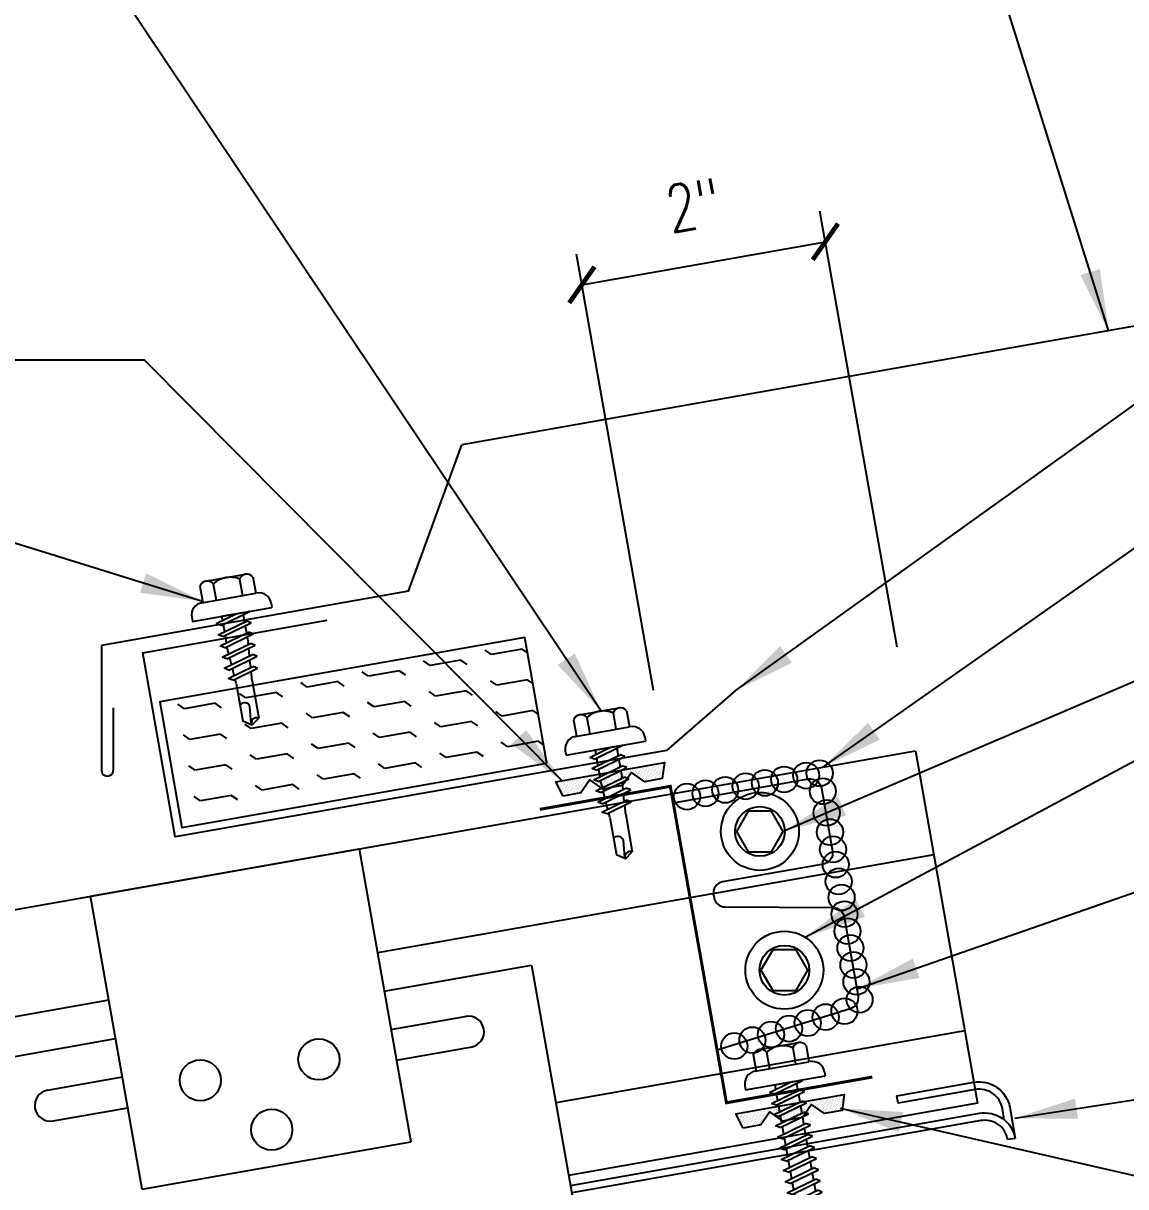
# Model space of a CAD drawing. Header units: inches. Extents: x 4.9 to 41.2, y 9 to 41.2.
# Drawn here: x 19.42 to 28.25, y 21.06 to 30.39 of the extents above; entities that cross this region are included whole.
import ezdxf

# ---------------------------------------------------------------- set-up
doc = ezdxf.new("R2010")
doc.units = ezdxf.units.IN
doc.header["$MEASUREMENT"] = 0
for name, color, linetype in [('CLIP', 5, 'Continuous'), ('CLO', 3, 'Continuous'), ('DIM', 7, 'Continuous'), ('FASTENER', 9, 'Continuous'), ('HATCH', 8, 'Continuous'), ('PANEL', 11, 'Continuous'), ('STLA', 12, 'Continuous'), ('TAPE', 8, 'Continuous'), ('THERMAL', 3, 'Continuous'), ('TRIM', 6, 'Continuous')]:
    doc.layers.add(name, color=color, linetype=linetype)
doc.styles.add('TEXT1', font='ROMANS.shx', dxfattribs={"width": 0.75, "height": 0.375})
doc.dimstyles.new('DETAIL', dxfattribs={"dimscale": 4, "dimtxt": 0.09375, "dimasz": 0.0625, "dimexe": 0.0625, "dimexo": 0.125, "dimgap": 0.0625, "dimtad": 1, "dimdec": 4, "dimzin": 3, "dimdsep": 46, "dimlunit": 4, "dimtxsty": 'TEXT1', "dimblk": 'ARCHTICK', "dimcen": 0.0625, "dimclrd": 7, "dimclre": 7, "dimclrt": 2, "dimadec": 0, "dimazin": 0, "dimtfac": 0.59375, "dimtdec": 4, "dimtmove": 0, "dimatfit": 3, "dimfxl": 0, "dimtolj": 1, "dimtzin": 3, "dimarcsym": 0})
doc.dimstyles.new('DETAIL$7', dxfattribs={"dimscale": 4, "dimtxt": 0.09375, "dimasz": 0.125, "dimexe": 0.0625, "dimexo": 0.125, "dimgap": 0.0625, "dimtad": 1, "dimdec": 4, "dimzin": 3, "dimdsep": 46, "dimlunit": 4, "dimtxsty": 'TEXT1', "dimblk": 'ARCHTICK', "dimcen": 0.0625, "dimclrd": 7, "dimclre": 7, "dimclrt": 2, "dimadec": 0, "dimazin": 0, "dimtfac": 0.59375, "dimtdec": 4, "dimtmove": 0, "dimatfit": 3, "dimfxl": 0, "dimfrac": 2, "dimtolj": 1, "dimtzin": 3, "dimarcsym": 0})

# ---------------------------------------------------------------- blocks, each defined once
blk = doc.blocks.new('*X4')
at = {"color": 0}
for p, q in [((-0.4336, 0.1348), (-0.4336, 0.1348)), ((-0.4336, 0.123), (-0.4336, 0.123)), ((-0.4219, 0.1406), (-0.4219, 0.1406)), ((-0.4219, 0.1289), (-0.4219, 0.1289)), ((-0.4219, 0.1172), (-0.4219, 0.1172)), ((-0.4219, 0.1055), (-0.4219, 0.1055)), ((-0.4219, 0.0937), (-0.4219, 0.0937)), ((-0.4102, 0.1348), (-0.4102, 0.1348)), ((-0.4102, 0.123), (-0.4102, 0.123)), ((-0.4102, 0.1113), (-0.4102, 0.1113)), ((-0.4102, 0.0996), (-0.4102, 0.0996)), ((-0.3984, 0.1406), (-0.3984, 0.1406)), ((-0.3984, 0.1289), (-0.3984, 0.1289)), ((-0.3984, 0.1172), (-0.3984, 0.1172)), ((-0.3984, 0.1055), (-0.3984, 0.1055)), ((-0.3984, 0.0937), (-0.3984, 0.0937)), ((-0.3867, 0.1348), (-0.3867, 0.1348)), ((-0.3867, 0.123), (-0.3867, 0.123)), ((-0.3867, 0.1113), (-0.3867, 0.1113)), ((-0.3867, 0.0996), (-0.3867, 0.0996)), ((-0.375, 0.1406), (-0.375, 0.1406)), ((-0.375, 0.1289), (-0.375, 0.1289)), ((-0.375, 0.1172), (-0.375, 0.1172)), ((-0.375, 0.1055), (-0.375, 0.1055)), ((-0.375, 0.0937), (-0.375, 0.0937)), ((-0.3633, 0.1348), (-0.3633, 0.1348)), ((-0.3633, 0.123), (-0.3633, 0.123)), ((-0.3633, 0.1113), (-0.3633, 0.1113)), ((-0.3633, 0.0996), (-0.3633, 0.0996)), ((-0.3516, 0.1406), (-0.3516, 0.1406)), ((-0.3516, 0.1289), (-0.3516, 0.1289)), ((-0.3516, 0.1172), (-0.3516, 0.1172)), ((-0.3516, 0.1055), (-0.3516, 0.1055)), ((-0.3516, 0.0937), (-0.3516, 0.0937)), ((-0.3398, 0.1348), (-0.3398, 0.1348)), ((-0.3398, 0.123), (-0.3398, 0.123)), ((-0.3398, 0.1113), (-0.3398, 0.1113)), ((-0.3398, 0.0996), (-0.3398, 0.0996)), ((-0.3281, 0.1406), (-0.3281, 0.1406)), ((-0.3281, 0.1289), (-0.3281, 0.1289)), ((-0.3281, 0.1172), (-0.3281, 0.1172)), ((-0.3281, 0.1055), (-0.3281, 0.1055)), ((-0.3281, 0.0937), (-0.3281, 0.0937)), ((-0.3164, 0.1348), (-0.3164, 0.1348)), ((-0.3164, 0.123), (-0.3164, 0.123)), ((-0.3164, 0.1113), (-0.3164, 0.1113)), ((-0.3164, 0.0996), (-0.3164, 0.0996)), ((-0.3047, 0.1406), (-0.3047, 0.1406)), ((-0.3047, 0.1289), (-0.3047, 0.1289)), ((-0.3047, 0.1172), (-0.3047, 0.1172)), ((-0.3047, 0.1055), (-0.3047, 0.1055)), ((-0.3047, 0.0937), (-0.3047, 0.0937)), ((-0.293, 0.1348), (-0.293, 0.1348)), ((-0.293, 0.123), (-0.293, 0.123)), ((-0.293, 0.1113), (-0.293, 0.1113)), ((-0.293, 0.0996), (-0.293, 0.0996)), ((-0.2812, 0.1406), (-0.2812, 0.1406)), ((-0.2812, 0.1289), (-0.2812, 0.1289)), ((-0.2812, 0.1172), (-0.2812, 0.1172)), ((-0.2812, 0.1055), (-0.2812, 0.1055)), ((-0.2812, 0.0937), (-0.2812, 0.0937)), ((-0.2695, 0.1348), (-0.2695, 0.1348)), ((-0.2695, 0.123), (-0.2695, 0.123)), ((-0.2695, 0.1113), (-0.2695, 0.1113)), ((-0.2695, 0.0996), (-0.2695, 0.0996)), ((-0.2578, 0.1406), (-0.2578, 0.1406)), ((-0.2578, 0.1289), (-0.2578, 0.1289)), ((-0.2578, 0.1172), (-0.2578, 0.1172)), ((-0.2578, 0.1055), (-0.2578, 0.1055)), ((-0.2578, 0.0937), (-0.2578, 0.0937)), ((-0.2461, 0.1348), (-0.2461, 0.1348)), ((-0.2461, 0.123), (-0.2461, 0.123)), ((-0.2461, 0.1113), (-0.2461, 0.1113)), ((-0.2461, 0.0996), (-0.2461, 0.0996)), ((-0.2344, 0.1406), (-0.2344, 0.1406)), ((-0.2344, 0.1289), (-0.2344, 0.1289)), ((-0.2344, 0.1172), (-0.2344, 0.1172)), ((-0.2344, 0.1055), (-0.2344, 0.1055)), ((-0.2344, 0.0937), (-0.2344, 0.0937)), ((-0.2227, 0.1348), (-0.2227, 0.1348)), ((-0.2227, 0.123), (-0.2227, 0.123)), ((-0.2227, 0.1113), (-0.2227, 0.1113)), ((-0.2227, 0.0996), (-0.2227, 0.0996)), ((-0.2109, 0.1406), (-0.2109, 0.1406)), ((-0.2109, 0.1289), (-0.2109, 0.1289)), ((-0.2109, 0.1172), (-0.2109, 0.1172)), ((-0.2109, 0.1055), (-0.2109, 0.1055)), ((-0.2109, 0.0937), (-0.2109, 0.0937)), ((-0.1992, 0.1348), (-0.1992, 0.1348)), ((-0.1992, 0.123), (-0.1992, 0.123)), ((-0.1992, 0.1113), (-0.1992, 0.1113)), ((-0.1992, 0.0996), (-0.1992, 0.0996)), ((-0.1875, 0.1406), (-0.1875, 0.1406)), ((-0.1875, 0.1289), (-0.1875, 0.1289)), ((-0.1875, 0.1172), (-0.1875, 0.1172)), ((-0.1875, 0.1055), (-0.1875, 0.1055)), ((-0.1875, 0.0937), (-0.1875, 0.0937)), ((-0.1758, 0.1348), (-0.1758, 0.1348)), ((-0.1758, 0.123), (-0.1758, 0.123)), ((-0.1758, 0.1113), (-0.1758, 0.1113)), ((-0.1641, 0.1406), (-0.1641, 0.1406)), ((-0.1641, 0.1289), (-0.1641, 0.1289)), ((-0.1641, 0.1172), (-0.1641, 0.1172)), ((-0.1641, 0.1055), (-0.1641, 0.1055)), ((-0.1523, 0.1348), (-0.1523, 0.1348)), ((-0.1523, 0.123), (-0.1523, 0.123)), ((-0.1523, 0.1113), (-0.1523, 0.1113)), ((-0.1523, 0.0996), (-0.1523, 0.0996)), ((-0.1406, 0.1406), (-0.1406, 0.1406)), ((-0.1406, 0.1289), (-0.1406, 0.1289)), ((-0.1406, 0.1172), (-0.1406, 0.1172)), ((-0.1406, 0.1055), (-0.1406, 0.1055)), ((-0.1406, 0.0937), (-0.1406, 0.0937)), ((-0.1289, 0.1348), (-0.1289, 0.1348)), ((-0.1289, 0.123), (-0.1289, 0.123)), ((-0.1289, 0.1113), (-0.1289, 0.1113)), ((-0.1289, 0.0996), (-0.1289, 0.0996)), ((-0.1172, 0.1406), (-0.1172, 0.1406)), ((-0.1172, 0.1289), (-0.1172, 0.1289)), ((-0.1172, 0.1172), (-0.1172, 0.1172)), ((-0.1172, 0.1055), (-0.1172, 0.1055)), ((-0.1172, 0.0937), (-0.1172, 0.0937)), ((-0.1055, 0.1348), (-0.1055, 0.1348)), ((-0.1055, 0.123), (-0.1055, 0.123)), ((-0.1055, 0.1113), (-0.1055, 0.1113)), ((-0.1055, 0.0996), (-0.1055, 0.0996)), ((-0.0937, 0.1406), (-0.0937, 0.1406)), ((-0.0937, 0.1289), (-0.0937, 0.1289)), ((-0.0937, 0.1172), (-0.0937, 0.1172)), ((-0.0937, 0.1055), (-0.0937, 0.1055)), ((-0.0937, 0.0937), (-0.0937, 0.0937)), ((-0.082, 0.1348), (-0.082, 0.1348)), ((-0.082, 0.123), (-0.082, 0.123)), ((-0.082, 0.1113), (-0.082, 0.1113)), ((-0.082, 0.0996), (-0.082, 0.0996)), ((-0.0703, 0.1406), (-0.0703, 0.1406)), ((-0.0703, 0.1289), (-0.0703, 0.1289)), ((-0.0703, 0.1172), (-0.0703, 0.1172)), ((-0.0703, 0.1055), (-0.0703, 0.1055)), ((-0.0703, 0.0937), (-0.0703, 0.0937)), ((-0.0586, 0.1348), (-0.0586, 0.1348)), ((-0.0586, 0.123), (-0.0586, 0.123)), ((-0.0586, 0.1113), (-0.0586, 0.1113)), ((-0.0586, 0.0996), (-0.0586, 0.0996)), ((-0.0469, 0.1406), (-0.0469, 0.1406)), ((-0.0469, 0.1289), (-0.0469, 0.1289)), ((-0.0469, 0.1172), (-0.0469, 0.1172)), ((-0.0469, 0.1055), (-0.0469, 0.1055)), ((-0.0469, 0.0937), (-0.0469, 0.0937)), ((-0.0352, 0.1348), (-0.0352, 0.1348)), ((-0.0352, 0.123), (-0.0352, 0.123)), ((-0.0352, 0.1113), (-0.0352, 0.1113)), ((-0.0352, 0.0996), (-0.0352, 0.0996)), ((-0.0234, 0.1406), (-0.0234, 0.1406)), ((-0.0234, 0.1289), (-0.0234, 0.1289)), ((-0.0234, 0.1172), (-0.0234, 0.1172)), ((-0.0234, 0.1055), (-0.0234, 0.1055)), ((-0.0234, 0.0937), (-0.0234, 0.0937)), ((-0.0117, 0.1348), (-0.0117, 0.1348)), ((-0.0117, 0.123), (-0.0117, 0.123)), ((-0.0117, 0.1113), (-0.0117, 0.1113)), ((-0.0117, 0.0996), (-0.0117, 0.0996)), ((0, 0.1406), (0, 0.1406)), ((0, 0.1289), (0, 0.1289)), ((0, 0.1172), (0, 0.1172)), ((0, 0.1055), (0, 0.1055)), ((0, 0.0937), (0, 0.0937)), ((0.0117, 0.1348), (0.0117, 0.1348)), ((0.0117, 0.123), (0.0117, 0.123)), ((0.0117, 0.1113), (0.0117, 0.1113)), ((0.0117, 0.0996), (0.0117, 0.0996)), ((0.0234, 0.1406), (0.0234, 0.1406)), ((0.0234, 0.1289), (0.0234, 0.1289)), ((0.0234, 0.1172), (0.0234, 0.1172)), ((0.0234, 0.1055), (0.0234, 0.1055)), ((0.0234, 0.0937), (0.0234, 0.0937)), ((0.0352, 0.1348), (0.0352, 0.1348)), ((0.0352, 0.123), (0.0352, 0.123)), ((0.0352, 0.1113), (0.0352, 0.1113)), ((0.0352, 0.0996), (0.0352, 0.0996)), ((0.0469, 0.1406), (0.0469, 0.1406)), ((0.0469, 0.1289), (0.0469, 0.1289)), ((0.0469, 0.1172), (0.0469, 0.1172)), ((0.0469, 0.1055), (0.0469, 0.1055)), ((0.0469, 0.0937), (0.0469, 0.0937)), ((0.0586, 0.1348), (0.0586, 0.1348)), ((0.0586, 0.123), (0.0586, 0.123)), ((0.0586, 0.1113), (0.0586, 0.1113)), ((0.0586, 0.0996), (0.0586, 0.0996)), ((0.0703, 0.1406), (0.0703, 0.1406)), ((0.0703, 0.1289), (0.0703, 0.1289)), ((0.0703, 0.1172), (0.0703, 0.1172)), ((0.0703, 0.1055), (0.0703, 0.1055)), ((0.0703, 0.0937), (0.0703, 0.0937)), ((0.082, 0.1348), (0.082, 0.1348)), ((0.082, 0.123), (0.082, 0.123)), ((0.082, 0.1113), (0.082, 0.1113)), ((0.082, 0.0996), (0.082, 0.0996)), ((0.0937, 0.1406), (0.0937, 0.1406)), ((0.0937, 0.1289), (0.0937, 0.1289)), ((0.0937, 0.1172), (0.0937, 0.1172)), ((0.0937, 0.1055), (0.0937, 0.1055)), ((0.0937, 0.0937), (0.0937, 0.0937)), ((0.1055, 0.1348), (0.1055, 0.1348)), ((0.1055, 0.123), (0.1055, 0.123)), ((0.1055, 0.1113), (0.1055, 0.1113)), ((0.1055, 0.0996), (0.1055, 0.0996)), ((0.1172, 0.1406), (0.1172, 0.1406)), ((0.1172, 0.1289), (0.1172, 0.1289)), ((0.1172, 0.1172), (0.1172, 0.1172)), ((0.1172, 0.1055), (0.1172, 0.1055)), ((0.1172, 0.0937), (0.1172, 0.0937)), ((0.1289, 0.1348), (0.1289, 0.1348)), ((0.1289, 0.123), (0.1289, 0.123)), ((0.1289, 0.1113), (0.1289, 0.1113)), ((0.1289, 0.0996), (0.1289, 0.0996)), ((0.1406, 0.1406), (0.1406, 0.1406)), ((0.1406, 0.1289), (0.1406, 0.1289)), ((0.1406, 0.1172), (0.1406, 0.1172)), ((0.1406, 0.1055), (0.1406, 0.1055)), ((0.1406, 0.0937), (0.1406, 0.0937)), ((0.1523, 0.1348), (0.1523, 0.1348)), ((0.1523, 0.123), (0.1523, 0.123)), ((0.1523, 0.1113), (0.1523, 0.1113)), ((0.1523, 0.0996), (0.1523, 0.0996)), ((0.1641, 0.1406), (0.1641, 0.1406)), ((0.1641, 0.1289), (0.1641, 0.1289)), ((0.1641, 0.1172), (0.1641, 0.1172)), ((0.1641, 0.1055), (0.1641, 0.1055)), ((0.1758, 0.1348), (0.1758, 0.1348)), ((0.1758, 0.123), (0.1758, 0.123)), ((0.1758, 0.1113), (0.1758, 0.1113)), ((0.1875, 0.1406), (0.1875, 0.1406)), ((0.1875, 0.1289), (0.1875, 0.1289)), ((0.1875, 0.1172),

━━━━━━━━━━━━━━━━━━━━━━━━━━━━━━

- [Problem description] Reproduce each line of the material that mentions "dimstyles".

- [Written reply]
doc.dimstyles.new('DETAIL', dxfattribs={"dimscale": 4, "dimtxt": 0.09375, "dimasz": 0.0625, "dimexe": 0.0625, "dimexo": 0.125, "dimgap": 0.0625, "dimtad": 1, "dimdec": 4, "dimzin": 3, "dimdsep": 46, "dimlunit": 4, "dimtxsty": 'TEXT1', "dimblk": 'ARCHTICK', "dimcen": 0.0625, "dimclrd": 7, "dimclre": 7, "dimclrt": 2, "dimadec": 0, "dimazin": 0, "dimtfac": 0.59375, "dimtdec": 4, "dimtmove": 0, "dimatfit": 3, "dimfxl": 0, "dimtolj": 1, "dimtzin": 3, "dimarcsym": 0})
doc.dimstyles.new('DETAIL$7', dxfattribs={"dimscale": 4, "dimtxt": 0.09375, "dimasz": 0.125, "dimexe": 0.0625, "dimexo": 0.125, "dimgap": 0.0625, "dimtad": 1, "dimdec": 4, "dimzin": 3, "dimdsep": 46, "dimlunit": 4, "dimtxsty": 'TEXT1', "dimblk": 'ARCHTICK', "dimcen": 0.0625, "dimclrd": 7, "dimclre": 7, "dimclrt": 2, "dimadec": 0, "dimazin": 0, "dimtfac": 0.59375, "dimtdec": 4, "dimtmove": 0, "dimatfit": 3, "dimfxl": 0, "dimfrac": 2, "dimtolj": 1, "dimtzin": 3, "dimarcsym": 0})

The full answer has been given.